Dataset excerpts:
--------------------------------

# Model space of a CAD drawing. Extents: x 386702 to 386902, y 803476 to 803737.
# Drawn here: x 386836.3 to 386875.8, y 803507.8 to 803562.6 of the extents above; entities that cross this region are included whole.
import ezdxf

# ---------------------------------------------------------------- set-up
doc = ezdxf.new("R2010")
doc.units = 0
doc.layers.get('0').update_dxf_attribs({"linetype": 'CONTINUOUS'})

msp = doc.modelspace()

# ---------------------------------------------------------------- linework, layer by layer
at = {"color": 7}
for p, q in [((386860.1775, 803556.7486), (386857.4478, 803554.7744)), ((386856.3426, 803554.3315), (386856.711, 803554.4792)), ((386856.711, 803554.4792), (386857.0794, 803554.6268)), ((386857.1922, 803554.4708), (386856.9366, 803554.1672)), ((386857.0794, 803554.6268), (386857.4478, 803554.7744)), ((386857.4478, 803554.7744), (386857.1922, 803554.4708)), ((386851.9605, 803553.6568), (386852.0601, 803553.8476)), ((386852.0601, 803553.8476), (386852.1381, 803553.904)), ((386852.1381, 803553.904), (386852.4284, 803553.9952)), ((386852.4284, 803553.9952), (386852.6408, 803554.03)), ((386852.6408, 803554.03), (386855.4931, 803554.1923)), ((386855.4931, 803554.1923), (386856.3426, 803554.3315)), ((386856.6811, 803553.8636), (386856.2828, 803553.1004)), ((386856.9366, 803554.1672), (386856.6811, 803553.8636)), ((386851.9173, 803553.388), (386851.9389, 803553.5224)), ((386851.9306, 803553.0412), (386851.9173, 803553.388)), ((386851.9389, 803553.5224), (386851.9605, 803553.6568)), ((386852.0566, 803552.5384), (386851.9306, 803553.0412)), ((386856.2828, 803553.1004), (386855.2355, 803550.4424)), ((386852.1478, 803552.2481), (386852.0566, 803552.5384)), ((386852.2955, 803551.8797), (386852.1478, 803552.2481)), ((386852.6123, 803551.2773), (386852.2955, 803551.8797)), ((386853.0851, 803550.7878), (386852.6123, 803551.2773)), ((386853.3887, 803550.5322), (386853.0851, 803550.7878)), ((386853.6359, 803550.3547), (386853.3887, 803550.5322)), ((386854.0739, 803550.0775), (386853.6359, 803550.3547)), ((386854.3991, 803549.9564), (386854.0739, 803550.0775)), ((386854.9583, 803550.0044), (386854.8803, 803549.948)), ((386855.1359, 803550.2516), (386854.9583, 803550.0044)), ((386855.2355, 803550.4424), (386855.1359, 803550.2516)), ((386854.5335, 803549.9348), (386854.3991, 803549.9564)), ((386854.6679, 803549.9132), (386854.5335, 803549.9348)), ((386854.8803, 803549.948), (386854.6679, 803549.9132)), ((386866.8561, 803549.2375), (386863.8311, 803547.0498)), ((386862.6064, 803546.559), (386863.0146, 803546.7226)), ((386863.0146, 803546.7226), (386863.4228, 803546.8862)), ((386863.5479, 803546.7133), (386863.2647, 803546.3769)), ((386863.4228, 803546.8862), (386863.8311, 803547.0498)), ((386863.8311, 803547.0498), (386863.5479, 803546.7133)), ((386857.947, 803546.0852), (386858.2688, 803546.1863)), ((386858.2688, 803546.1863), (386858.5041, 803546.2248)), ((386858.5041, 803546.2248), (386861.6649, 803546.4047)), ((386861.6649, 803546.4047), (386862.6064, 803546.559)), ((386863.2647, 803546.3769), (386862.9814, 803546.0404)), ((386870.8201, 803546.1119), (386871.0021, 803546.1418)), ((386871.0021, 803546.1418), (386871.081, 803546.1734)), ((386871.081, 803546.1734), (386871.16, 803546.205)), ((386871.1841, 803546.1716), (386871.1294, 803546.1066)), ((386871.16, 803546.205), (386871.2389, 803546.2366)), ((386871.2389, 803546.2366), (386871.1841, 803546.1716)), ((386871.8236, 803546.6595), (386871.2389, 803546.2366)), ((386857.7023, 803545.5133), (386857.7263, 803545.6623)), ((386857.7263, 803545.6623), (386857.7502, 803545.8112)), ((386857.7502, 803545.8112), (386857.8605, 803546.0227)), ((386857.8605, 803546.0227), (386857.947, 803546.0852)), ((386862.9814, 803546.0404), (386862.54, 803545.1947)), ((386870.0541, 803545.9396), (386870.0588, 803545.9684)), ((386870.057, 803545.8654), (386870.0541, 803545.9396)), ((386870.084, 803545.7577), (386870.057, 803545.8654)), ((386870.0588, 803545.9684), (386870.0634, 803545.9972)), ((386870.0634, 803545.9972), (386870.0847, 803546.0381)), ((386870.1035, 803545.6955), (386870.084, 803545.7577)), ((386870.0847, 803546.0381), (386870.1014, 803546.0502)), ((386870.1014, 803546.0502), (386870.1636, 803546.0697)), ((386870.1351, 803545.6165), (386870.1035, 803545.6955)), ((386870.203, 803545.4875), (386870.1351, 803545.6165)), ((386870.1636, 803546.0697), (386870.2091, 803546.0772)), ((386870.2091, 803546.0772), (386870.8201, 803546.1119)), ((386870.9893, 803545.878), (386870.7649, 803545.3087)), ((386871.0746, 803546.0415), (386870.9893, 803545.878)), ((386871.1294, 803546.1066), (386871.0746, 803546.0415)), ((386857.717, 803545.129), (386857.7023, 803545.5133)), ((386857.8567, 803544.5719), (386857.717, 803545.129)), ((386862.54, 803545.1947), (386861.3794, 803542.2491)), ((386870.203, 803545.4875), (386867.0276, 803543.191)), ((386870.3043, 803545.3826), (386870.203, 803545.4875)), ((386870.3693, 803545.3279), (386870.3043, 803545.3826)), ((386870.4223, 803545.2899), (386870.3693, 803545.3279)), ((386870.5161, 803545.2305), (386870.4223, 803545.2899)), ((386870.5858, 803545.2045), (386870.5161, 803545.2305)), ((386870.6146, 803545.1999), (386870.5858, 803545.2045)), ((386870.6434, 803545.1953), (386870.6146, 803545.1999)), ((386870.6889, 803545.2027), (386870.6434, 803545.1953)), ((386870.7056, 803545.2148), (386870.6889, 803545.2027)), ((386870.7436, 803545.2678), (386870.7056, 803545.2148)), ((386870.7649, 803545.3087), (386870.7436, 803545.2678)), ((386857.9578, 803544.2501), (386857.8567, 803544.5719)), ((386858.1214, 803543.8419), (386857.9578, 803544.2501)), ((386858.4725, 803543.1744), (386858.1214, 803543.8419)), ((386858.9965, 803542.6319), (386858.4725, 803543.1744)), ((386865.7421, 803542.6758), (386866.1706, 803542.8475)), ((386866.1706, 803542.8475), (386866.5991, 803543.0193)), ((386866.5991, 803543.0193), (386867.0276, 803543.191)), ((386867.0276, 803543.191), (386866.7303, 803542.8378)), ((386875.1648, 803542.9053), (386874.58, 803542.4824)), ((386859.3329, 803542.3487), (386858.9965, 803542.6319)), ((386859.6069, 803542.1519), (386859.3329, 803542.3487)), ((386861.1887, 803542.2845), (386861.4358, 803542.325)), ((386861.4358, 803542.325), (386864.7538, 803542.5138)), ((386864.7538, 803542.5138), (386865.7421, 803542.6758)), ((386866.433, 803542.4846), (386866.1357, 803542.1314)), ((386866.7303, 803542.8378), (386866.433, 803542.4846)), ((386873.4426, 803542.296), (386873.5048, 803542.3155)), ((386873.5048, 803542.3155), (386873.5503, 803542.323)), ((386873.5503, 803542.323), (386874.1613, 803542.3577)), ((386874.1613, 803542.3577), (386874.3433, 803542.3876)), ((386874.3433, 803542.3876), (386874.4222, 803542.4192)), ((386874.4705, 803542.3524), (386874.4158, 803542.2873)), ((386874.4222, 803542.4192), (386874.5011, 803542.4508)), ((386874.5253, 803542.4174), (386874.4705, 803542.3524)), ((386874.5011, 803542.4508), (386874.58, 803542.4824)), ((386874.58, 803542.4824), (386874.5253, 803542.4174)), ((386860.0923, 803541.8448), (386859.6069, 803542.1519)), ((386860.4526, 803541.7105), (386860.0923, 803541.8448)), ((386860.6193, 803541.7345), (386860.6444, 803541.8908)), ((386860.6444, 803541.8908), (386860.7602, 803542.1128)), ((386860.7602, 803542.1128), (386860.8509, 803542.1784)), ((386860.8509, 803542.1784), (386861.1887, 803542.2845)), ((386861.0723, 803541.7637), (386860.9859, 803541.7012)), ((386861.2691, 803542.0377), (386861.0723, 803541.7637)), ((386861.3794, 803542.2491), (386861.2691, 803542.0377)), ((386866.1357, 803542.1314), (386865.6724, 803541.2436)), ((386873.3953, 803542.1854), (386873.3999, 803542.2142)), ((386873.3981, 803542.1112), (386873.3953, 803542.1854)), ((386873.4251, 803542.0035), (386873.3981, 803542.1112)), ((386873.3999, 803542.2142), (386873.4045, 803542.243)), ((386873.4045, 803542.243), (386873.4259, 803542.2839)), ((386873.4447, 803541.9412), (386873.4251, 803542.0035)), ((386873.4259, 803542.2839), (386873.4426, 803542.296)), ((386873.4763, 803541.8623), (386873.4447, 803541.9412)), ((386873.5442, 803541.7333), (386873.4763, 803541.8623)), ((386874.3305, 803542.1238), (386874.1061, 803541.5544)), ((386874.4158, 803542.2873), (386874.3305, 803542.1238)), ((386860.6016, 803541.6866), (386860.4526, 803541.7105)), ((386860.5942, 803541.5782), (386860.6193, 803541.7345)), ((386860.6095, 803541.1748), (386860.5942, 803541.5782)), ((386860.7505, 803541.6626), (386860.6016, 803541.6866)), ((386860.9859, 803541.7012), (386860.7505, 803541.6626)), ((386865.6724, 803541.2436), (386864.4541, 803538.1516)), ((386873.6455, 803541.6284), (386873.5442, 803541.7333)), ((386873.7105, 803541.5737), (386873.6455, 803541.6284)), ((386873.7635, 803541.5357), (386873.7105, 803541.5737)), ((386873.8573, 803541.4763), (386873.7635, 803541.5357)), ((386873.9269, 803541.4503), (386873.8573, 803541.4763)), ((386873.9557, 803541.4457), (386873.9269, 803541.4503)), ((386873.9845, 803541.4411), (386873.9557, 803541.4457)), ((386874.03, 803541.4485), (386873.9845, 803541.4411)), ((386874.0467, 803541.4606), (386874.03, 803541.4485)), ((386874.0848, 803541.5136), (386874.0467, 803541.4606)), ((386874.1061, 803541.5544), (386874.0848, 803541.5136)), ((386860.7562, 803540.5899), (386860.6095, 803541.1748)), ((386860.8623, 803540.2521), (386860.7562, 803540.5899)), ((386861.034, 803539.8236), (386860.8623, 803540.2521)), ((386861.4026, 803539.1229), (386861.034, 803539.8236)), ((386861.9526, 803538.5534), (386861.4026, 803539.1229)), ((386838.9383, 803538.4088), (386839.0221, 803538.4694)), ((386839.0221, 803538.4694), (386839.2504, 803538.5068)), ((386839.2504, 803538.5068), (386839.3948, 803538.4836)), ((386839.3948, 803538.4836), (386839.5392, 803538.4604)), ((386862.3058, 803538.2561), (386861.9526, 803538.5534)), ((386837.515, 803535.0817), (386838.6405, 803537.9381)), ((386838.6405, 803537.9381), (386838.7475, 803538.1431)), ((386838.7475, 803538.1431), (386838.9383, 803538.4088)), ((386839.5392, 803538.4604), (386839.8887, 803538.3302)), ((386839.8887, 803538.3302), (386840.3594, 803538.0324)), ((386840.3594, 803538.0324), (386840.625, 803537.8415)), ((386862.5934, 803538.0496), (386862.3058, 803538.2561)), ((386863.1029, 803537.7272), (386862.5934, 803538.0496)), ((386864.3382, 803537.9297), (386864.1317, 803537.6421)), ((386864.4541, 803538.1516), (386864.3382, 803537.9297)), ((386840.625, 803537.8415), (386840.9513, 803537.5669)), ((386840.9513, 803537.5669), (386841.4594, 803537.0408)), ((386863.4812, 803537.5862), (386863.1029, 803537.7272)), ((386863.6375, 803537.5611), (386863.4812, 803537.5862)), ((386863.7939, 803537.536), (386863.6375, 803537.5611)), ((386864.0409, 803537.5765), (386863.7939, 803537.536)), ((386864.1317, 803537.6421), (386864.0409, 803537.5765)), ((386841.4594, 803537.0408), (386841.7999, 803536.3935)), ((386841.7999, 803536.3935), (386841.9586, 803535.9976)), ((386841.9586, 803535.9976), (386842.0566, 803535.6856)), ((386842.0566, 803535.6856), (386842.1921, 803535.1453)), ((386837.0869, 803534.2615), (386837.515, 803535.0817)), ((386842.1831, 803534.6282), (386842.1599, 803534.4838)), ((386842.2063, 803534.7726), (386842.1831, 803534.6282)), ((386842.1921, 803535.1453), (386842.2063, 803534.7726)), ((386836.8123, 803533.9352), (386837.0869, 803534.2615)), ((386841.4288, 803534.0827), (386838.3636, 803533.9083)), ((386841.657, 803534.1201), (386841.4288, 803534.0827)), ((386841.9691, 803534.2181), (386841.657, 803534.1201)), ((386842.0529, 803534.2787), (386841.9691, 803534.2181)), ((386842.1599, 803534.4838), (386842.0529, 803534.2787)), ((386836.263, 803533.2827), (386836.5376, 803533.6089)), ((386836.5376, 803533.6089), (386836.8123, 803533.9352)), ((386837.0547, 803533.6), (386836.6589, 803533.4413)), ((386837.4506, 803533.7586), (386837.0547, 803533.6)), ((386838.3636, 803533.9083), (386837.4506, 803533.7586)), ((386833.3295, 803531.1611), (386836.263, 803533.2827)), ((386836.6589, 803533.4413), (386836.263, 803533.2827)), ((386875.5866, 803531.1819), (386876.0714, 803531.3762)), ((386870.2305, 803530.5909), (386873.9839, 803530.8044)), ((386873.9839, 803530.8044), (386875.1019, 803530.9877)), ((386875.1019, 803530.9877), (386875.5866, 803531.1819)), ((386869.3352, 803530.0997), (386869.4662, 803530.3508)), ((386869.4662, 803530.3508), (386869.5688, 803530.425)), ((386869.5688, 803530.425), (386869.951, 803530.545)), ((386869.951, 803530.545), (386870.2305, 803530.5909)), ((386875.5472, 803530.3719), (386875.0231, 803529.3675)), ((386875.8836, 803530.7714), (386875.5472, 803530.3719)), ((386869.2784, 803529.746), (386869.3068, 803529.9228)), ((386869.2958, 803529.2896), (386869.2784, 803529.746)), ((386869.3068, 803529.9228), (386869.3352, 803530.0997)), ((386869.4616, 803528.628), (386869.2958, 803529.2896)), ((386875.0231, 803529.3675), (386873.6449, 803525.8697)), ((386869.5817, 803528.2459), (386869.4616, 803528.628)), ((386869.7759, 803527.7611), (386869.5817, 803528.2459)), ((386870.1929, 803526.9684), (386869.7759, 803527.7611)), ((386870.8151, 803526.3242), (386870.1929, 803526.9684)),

--------------------------------

Exercise aim:
The lines from the first of the entries through the line holding "doc.units = 0" are to be restated word for word, and no others.

Response area:
# Model space of a CAD drawing. Extents: x 386702 to 386902, y 803476 to 803737.
# Drawn here: x 386836.3 to 386875.8, y 803507.8 to 803562.6 of the extents above; entities that cross this region are included whole.
import ezdxf

# ---------------------------------------------------------------- set-up
doc = ezdxf.new("R2010")
doc.units = 0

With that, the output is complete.